Frank lo pasó muy mal. Se abrió la cremallera, se colocó ante el orinal, pero no salía nada; de todos modos, hizo como que sí, la sacudió y se la volvió a meter. Sintió alivio al ver que los hombres se estaban lavando las manos cuidadosamente y que nadie se fijaba en él.
—Bonita fiesta —decía Locicero.
—Parece que el capo se lo está pasando bien —dijo Momo.
Locicero lo miró, tratando de averiguar si lo decía en serio o en broma; al final dijo:
—Sí, creo que sí.
Frank solo quería largarse y se dirigió a la puerta.
—Frankie —lo llamó Momo.
—Dime.
—¡Lávate las manos! —dijo Momo—. ¿Qué pasa? ¿Te han criado los lobos?

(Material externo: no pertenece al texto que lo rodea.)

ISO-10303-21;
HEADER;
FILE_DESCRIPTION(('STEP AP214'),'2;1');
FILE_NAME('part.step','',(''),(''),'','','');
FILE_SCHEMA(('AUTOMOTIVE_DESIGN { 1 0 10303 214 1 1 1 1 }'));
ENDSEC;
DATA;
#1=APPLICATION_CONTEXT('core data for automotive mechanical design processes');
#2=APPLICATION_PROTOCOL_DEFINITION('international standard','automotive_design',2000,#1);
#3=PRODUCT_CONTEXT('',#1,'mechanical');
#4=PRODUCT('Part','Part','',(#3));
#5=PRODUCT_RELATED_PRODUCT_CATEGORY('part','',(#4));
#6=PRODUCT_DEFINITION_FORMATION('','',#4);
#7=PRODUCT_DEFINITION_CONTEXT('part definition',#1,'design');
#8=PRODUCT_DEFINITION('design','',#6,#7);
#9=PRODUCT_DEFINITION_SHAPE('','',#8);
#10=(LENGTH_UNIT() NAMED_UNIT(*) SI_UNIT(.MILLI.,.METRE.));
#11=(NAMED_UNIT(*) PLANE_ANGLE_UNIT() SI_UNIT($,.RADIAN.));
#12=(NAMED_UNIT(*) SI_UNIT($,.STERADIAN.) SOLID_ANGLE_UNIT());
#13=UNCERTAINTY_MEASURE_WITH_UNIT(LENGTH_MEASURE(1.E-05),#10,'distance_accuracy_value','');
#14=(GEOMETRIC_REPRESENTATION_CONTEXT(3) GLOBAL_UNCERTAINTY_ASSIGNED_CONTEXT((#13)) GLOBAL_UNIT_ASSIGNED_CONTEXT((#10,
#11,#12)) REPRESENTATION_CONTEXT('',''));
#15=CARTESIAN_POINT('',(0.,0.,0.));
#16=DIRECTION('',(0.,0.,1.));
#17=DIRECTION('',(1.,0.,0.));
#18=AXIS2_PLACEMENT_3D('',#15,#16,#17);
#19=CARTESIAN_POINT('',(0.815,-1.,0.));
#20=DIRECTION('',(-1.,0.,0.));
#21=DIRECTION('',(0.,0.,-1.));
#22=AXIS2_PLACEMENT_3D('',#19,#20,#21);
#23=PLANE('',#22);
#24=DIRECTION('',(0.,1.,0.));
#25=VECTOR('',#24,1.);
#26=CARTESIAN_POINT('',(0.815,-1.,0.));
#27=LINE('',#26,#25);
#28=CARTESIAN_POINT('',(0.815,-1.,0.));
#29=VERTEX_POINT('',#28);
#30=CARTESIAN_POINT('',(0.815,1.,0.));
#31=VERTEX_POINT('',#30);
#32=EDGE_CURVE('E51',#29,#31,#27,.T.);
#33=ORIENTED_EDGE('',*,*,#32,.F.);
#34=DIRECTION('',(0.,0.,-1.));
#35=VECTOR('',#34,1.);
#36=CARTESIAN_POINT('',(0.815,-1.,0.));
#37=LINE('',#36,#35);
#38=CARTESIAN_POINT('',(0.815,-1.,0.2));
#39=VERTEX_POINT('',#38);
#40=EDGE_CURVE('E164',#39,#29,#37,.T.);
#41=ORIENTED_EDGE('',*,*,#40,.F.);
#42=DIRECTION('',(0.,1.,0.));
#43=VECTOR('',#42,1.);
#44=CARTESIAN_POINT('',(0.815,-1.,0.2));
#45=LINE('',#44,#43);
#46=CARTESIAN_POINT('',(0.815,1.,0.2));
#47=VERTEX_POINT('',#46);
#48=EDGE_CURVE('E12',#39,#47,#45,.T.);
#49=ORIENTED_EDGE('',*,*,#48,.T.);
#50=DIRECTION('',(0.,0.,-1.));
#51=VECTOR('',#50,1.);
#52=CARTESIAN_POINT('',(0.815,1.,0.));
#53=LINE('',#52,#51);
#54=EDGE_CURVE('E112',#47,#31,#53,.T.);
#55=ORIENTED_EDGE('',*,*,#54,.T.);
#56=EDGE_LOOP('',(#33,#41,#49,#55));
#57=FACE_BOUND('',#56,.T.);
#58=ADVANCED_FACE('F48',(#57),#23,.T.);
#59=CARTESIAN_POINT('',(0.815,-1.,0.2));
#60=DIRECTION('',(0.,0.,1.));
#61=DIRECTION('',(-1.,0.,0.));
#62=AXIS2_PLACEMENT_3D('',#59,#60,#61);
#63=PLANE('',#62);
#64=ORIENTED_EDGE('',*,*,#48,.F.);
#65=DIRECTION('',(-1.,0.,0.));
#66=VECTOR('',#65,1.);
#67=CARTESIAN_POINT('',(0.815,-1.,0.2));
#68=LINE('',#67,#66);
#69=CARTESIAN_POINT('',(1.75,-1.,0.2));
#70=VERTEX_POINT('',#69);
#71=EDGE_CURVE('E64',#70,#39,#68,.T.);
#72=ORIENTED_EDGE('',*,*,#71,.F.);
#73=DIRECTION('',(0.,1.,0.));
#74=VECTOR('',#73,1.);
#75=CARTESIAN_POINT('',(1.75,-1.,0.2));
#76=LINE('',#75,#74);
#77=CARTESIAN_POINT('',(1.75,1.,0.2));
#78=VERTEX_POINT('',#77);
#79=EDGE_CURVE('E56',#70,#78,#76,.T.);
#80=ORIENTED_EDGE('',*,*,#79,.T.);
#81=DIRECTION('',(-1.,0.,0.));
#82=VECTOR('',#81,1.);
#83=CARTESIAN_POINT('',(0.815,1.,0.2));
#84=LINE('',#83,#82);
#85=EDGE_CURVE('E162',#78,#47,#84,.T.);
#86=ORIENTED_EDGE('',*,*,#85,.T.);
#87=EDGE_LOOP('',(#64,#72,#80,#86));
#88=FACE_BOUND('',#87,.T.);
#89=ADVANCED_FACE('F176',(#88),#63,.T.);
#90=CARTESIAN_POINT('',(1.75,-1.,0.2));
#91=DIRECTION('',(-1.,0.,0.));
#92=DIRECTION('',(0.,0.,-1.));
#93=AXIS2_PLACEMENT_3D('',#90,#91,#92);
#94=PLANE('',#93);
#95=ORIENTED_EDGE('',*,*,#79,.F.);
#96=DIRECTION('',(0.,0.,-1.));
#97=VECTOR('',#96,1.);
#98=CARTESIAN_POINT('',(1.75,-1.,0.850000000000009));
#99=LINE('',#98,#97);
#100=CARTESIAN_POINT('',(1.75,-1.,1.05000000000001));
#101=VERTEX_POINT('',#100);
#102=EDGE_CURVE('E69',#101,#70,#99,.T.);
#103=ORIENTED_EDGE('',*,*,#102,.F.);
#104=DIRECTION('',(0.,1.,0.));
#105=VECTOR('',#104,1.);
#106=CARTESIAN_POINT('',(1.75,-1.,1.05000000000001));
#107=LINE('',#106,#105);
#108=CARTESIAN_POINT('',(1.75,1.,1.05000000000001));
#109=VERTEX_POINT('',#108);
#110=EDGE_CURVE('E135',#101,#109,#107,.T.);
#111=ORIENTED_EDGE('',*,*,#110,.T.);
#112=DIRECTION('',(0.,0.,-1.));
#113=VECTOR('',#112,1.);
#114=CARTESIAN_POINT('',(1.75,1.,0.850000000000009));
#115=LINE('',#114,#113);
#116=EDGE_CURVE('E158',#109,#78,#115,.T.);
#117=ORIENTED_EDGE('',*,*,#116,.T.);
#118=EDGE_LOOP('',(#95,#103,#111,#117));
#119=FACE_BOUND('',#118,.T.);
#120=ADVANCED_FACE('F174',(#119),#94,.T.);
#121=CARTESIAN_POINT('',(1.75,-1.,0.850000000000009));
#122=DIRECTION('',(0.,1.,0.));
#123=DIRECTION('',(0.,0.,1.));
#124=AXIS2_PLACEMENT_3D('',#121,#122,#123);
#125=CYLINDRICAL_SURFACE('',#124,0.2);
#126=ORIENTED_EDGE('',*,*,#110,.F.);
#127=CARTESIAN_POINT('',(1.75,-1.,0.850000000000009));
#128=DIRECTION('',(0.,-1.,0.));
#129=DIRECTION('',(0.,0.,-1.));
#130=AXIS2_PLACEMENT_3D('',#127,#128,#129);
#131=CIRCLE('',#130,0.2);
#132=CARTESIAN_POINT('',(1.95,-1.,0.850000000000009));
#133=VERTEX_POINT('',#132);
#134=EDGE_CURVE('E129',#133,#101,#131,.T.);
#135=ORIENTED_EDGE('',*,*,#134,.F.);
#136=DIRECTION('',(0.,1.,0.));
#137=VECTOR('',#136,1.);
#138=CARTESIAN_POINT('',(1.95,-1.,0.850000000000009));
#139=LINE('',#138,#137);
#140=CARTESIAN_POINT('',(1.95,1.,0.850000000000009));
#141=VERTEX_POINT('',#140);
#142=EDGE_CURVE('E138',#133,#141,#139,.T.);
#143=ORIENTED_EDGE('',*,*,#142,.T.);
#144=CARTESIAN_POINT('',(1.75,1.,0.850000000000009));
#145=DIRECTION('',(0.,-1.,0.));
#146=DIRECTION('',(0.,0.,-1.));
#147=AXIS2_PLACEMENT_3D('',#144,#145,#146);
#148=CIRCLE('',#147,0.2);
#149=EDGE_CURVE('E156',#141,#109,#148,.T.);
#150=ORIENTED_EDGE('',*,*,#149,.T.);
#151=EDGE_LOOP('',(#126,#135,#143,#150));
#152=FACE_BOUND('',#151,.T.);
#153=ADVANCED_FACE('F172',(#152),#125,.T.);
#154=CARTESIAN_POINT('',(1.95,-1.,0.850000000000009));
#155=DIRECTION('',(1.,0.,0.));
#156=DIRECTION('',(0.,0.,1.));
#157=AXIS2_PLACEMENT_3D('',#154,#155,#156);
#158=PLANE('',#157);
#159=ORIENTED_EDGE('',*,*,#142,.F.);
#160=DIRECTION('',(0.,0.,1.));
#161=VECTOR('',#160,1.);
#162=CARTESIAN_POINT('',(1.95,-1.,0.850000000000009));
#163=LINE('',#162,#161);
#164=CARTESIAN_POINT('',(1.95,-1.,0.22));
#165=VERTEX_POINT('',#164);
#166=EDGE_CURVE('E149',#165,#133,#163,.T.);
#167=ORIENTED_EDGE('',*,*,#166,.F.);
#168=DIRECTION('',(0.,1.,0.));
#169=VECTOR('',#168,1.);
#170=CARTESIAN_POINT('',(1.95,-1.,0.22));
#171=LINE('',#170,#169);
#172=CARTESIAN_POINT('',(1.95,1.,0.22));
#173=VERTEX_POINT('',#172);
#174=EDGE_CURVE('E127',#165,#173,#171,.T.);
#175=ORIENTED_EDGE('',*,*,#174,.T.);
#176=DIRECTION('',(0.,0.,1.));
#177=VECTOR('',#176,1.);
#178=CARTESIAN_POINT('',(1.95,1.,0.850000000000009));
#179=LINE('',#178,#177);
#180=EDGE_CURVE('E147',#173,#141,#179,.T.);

Frank se sonrojó, mientras los demás reían. Retrocedió, se lavó las manos y había vuelto a llegar a la puerta cuando Momo dijo:
—Chaval, que no entre nadie más, ¿me oyes?
«Dios —pensó Frank mientras se colocaba de guardia en el pasillo—. ¿Qué irá a pasar ahí dentro?»
En cierto modo esperaba oír disparos, pero solo oyó voces.
—Momo, hemos venido a pasarlo bien... —decía Nicky Locicero.
—¿Te parece bien lo que está pasando ahí fuera?
—Hace mucho que aquí vais a la vuestra —dijo Locicero— y ya es hora de que aceptéis otra vez un poco de control.
—Cuando Jack...
—Jack ya no está —dijo Locicero— y el tío nuevo que está ahí fuera quiere que entendáis que lo que tenéis aquí no es una familia, sino que solo sois una pandilla más de Los Ángeles, que solo queda a ciento sesenta kilómetros por carretera, nada más; quiere vuestro respeto.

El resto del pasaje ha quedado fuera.